Problem description: Please reproduce the entries exactly as they appear below, but not the pictures.

Working data:
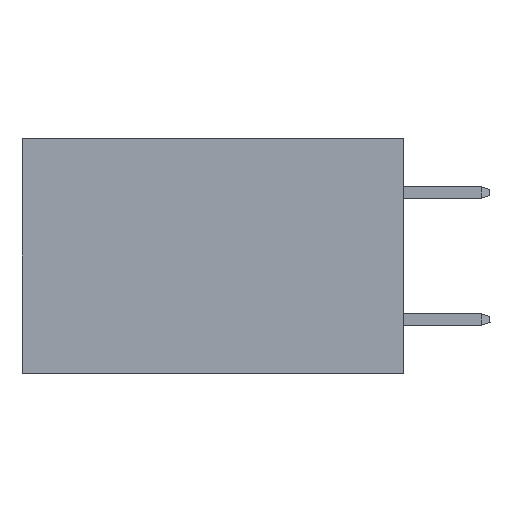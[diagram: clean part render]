
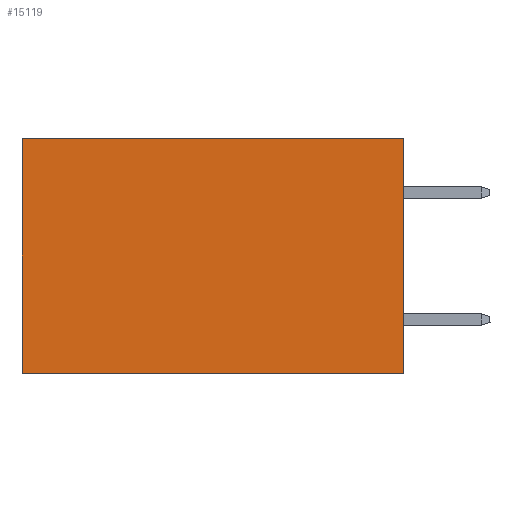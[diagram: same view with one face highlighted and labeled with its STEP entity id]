
A CAD part, left-side view. The second image highlights one B-rep face of the part: STEP entity #15119.
In plain terms, the highlighted planar face has unit normal (-1, 0, 0).
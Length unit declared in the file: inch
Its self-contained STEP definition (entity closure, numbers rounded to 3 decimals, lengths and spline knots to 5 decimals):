
#559 = CARTESIAN_POINT ( 'NONE',  ( 0.2875, 0., -0.37 ) ) ;
#1607 = DIRECTION ( 'NONE',  ( 0., 0., -1. ) ) ;
#1789 = VERTEX_POINT ( 'NONE', #9750 ) ;
#2759 = EDGE_CURVE ( 'NONE', #3005, #19734, #11140, .T. ) ;
#3005 = VERTEX_POINT ( 'NONE', #15278 ) ;
#4153 = VECTOR ( 'NONE', #15451, 39.37008 ) ;
#4315 = ORIENTED_EDGE ( 'NONE', *, *, #8089, .T. ) ;
#4378 = EDGE_CURVE ( 'NONE', #19734, #18086, #17845, .T. ) ;
#4442 = AXIS2_PLACEMENT_3D ( 'NONE', #24382, #10924, #1607 ) ;
#5115 = CARTESIAN_POINT ( 'NONE',  ( 0.2875, 0., 0. ) ) ;
#5259 = VECTOR ( 'NONE', #6324, 39.37008 ) ;
#6324 = DIRECTION ( 'NONE',  ( 0., 1., 0. ) ) ;
#6446 = CARTESIAN_POINT ( 'NONE',  ( 0.2875, 0., -0.37 ) ) ;
#8089 = EDGE_CURVE ( 'NONE', #1789, #18086, #20359, .T. ) ;
#8786 = CARTESIAN_POINT ( 'NONE',  ( 0.2875, 0.6, 0. ) ) ;
#9750 = CARTESIAN_POINT ( 'NONE',  ( 0.2875, 0.6, 0. ) ) ;
#10172 = VECTOR ( 'NONE', #16521, 39.37008 ) ;
#10425 = CARTESIAN_POINT ( 'NONE',  ( 0.2875, 0., 0. ) ) ;
#10794 = LINE ( 'NONE', #5115, #4153 ) ;
#10924 = DIRECTION ( 'NONE',  ( 1., 0., 0. ) ) ;
#11140 = LINE ( 'NONE', #10425, #22621 ) ;
#13183 = CARTESIAN_POINT ( 'NONE',  ( 0.2875, 0.6, -0.37 ) ) ;
#13836 = EDGE_CURVE ( 'NONE', #3005, #1789, #10794, .T. ) ;
#14337 = ORIENTED_EDGE ( 'NONE', *, *, #2759, .F. ) ;
#15119 = ADVANCED_FACE ( 'NONE', ( #17125 ), #19048, .F. ) ;
#15278 = CARTESIAN_POINT ( 'NONE',  ( 0.2875, 0., 0. ) ) ;
#15451 = DIRECTION ( 'NONE',  ( 0., 1., 0. ) ) ;
#16499 = DIRECTION ( 'NONE',  ( 0., 0., -1. ) ) ;
#16521 = DIRECTION ( 'NONE',  ( 0., 0., -1. ) ) ;
#17125 = FACE_OUTER_BOUND ( 'NONE', #18129, .T. ) ;
#17845 = LINE ( 'NONE', #559, #5259 ) ;
#18086 = VERTEX_POINT ( 'NONE', #13183 ) ;
#18129 = EDGE_LOOP ( 'NONE', ( #4315, #20997, #14337, #24110 ) ) ;
#19048 = PLANE ( 'NONE',  #4442 ) ;
#19734 = VERTEX_POINT ( 'NONE', #6446 ) ;
#20359 = LINE ( 'NONE', #8786, #10172 ) ;
#20997 = ORIENTED_EDGE ( 'NONE', *, *, #4378, .F. ) ;
#22621 = VECTOR ( 'NONE', #16499, 39.37008 ) ;
#24110 = ORIENTED_EDGE ( 'NONE', *, *, #13836, .T. ) ;
#24382 = CARTESIAN_POINT ( 'NONE',  ( 0.2875, 0., 0. ) ) ;
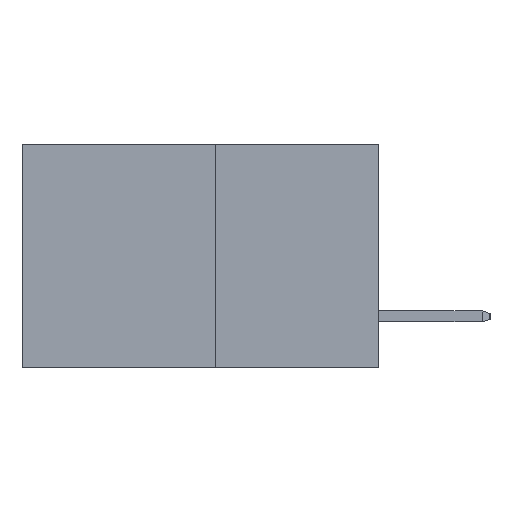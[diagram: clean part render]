
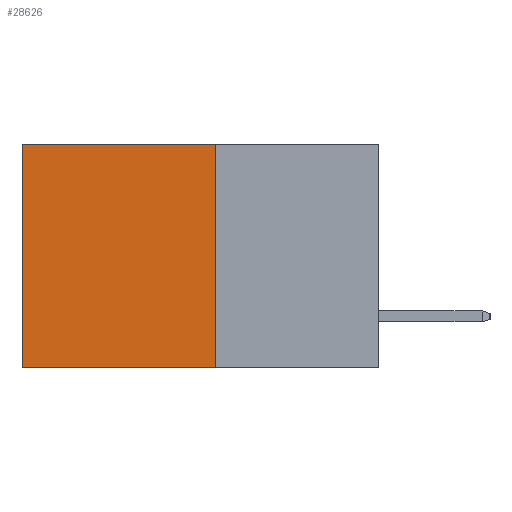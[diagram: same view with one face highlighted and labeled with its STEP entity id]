
A CAD part, left-side view. The second image highlights one B-rep face of the part: STEP entity #28626.
In plain terms, the highlighted planar face has unit normal (-1, 0, 0).
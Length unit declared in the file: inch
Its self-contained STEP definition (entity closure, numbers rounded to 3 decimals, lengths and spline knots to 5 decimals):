
#100 = LINE ( 'NONE', #23919, #10212 ) ;
#262 = DIRECTION ( 'NONE',  ( 0., 1., 0. ) ) ;
#2453 = FACE_OUTER_BOUND ( 'NONE', #4693, .T. ) ;
#2599 = VECTOR ( 'NONE', #14203, 39.37008 ) ;
#2919 = LINE ( 'NONE', #16356, #8345 ) ;
#3907 = CARTESIAN_POINT ( 'NONE',  ( 0.277, 0.27, -0.37 ) ) ;
#4693 = EDGE_LOOP ( 'NONE', ( #6858, #21193, #15264, #19181 ) ) ;
#5843 = AXIS2_PLACEMENT_3D ( 'NONE', #3907, #19956, #6255 ) ;
#6255 = DIRECTION ( 'NONE',  ( 0., 0., -1. ) ) ;
#6858 = ORIENTED_EDGE ( 'NONE', *, *, #21940, .T. ) ;
#7274 = CARTESIAN_POINT ( 'NONE',  ( 0.277, 0.59, -0.37 ) ) ;
#7438 = VERTEX_POINT ( 'NONE', #10123 ) ;
#8272 = VERTEX_POINT ( 'NONE', #24158 ) ;
#8345 = VECTOR ( 'NONE', #262, 39.37008 ) ;
#8750 = LINE ( 'NONE', #7274, #2599 ) ;
#8995 = EDGE_CURVE ( 'NONE', #8272, #21722, #16652, .T. ) ;
#10123 = CARTESIAN_POINT ( 'NONE',  ( 0.277, 0.27, 0. ) ) ;
#10212 = VECTOR ( 'NONE', #24006, 39.37008 ) ;
#12498 = EDGE_CURVE ( 'NONE', #7438, #8272, #100, .T. ) ;
#14203 = DIRECTION ( 'NONE',  ( 0., 0., -1. ) ) ;
#15264 = ORIENTED_EDGE ( 'NONE', *, *, #12498, .F. ) ;
#15330 = CARTESIAN_POINT ( 'NONE',  ( 0.277, 0.27, -0.37 ) ) ;
#15377 = PLANE ( 'NONE',  #5843 ) ;
#16356 = CARTESIAN_POINT ( 'NONE',  ( 0.277, 0.27, 0. ) ) ;
#16652 = LINE ( 'NONE', #15330, #27195 ) ;
#19181 = ORIENTED_EDGE ( 'NONE', *, *, #22585, .T. ) ;
#19956 = DIRECTION ( 'NONE',  ( 1., 0., 0. ) ) ;
#21185 = VERTEX_POINT ( 'NONE', #26753 ) ;
#21193 = ORIENTED_EDGE ( 'NONE', *, *, #8995, .F. ) ;
#21722 = VERTEX_POINT ( 'NONE', #27028 ) ;
#21940 = EDGE_CURVE ( 'NONE', #21185, #21722, #8750, .T. ) ;
#22585 = EDGE_CURVE ( 'NONE', #7438, #21185, #2919, .T. ) ;
#23919 = CARTESIAN_POINT ( 'NONE',  ( 0.277, 0.27, -0.37 ) ) ;
#24006 = DIRECTION ( 'NONE',  ( 0., 0., -1. ) ) ;
#24158 = CARTESIAN_POINT ( 'NONE',  ( 0.277, 0.27, -0.37 ) ) ;
#26753 = CARTESIAN_POINT ( 'NONE',  ( 0.277, 0.59, 0. ) ) ;
#27028 = CARTESIAN_POINT ( 'NONE',  ( 0.277, 0.59, -0.37 ) ) ;
#27195 = VECTOR ( 'NONE', #28808, 39.37008 ) ;
#28626 = ADVANCED_FACE ( 'NONE', ( #2453 ), #15377, .F. ) ;
#28808 = DIRECTION ( 'NONE',  ( 0., 1., 0. ) ) ;

Reply:
[diagram: clean part render]
[diagram: same view with one face highlighted and labeled with its STEP entity id]
A CAD part, left-side view. The second image highlights one B-rep face of the part: STEP entity #15119.
In plain terms, the highlighted planar face has unit normal (-1, 0, 0).
Length unit declared in the file: inch
Its self-contained STEP definition (entity closure, numbers rounded to 3 decimals, lengths and spline knots to 5 decimals):
#559 = CARTESIAN_POINT ( 'NONE',  ( 0.2875, 0., -0.37 ) ) ;
#1607 = DIRECTION ( 'NONE',  ( 0., 0., -1. ) ) ;
#1789 = VERTEX_POINT ( 'NONE', #9750 ) ;
#2759 = EDGE_CURVE ( 'NONE', #3005, #19734, #11140, .T. ) ;
#3005 = VERTEX_POINT ( 'NONE', #15278 ) ;
#4153 = VECTOR ( 'NONE', #15451, 39.37008 ) ;
#4315 = ORIENTED_EDGE ( 'NONE', *, *, #8089, .T. ) ;
#4378 = EDGE_CURVE ( 'NONE', #19734, #18086, #17845, .T. ) ;
#4442 = AXIS2_PLACEMENT_3D ( 'NONE', #24382, #10924, #1607 ) ;
#5115 = CARTESIAN_POINT ( 'NONE',  ( 0.2875, 0., 0. ) ) ;
#5259 = VECTOR ( 'NONE', #6324, 39.37008 ) ;
#6324 = DIRECTION ( 'NONE',  ( 0., 1., 0. ) ) ;
#6446 = CARTESIAN_POINT ( 'NONE',  ( 0.2875, 0., -0.37 ) ) ;
#8089 = EDGE_CURVE ( 'NONE', #1789, #18086, #20359, .T. ) ;
#8786 = CARTESIAN_POINT ( 'NONE',  ( 0.2875, 0.6, 0. ) ) ;
#9750 = CARTESIAN_POINT ( 'NONE',  ( 0.2875, 0.6, 0. ) ) ;
#10172 = VECTOR ( 'NONE', #16521, 39.37008 ) ;
#10425 = CARTESIAN_POINT ( 'NONE',  ( 0.2875, 0., 0. ) ) ;
#10794 = LINE ( 'NONE', #5115, #4153 ) ;
#10924 = DIRECTION ( 'NONE',  ( 1., 0., 0. ) ) ;
#11140 = LINE ( 'NONE', #10425, #22621 ) ;
#13183 = CARTESIAN_POINT ( 'NONE',  ( 0.2875, 0.6, -0.37 ) ) ;
#13836 = EDGE_CURVE ( 'NONE', #3005, #1789, #10794, .T. ) ;
#14337 = ORIENTED_EDGE ( 'NONE', *, *, #2759, .F. ) ;
#15119 = ADVANCED_FACE ( 'NONE', ( #17125 ), #19048, .F. ) ;
#15278 = CARTESIAN_POINT ( 'NONE',  ( 0.2875, 0., 0. ) ) ;
#15451 = DIRECTION ( 'NONE',  ( 0., 1., 0. ) ) ;
#16499 = DIRECTION ( 'NONE',  ( 0., 0., -1. ) ) ;
#16521 = DIRECTION ( 'NONE',  ( 0., 0., -1. ) ) ;
#17125 = FACE_OUTER_BOUND ( 'NONE', #18129, .T. ) ;
#17845 = LINE ( 'NONE', #559, #5259 ) ;
#18086 = VERTEX_POINT ( 'NONE', #13183 ) ;
#18129 = EDGE_LOOP ( 'NONE', ( #4315, #20997, #14337, #24110 ) ) ;
#19048 = PLANE ( 'NONE',  #4442 ) ;
#19734 = VERTEX_POINT ( 'NONE', #6446 ) ;
#20359 = LINE ( 'NONE', #8786, #10172 ) ;
#20997 = ORIENTED_EDGE ( 'NONE', *, *, #4378, .F. ) ;
#22621 = VECTOR ( 'NONE', #16499, 39.37008 ) ;
#24110 = ORIENTED_EDGE ( 'NONE', *, *, #13836, .T. ) ;
#24382 = CARTESIAN_POINT ( 'NONE',  ( 0.2875, 0., 0. ) ) ;
[diagram: clean part render]
[diagram: same view with one face highlighted and labeled with its STEP entity id]
A CAD part, left-side view. The second image highlights one B-rep face of the part: STEP entity #28626.
In plain terms, the highlighted planar face has unit normal (-1, 0, 0).
Length unit declared in the file: inch
Its self-contained STEP definition (entity closure, numbers rounded to 3 decimals, lengths and spline knots to 5 decimals):
#100 = LINE ( 'NONE', #23919, #10212 ) ;
#262 = DIRECTION ( 'NONE',  ( 0., 1., 0. ) ) ;
#2453 = FACE_OUTER_BOUND ( 'NONE', #4693, .T. ) ;
#2599 = VECTOR ( 'NONE', #14203, 39.37008 ) ;
#2919 = LINE ( 'NONE', #16356, #8345 ) ;
#3907 = CARTESIAN_POINT ( 'NONE',  ( 0.277, 0.27, -0.37 ) ) ;
#4693 = EDGE_LOOP ( 'NONE', ( #6858, #21193, #15264, #19181 ) ) ;
#5843 = AXIS2_PLACEMENT_3D ( 'NONE', #3907, #19956, #6255 ) ;
#6255 = DIRECTION ( 'NONE',  ( 0., 0., -1. ) ) ;
#6858 = ORIENTED_EDGE ( 'NONE', *, *, #21940, .T. ) ;
#7274 = CARTESIAN_POINT ( 'NONE',  ( 0.277, 0.59, -0.37 ) ) ;
#7438 = VERTEX_POINT ( 'NONE', #10123 ) ;
#8272 = VERTEX_POINT ( 'NONE', #24158 ) ;
#8345 = VECTOR ( 'NONE', #262, 39.37008 ) ;
#8750 = LINE ( 'NONE', #7274, #2599 ) ;
#8995 = EDGE_CURVE ( 'NONE', #8272, #21722, #16652, .T. ) ;
#10123 = CARTESIAN_POINT ( 'NONE',  ( 0.277, 0.27, 0. ) ) ;
#10212 = VECTOR ( 'NONE', #24006, 39.37008 ) ;
#12498 = EDGE_CURVE ( 'NONE', #7438, #8272, #100, .T. ) ;
#14203 = DIRECTION ( 'NONE',  ( 0., 0., -1. ) ) ;
#15264 = ORIENTED_EDGE ( 'NONE', *, *, #12498, .F. ) ;
#15330 = CARTESIAN_POINT ( 'NONE',  ( 0.277, 0.27, -0.37 ) ) ;
#15377 = PLANE ( 'NONE',  #5843 ) ;
#16356 = CARTESIAN_POINT ( 'NONE',  ( 0.277, 0.27, 0. ) ) ;
#16652 = LINE ( 'NONE', #15330, #27195 ) ;
#19181 = ORIENTED_EDGE ( 'NONE', *, *, #22585, .T. ) ;
#19956 = DIRECTION ( 'NONE',  ( 1., 0., 0. ) ) ;
#21185 = VERTEX_POINT ( 'NONE', #26753 ) ;
#21193 = ORIENTED_EDGE ( 'NONE', *, *, #8995, .F. ) ;
#21722 = VERTEX_POINT ( 'NONE', #27028 ) ;
#21940 = EDGE_CURVE ( 'NONE', #21185, #21722, #8750, .T. ) ;
#22585 = EDGE_CURVE ( 'NONE', #7438, #21185, #2919, .T. ) ;
#23919 = CARTESIAN_POINT ( 'NONE',  ( 0.277, 0.27, -0.37 ) ) ;
#24006 = DIRECTION ( 'NONE',  ( 0., 0., -1. ) ) ;
#24158 = CARTESIAN_POINT ( 'NONE',  ( 0.277, 0.27, -0.37 ) ) ;
#26753 = CARTESIAN_POINT ( 'NONE',  ( 0.277, 0.59, 0. ) ) ;
#27028 = CARTESIAN_POINT ( 'NONE',  ( 0.277, 0.59, -0.37 ) ) ;
#27195 = VECTOR ( 'NONE', #28808, 39.37008 ) ;
#28626 = ADVANCED_FACE ( 'NONE', ( #2453 ), #15377, .F. ) ;
#28808 = DIRECTION ( 'NONE',  ( 0., 1., 0. ) ) ;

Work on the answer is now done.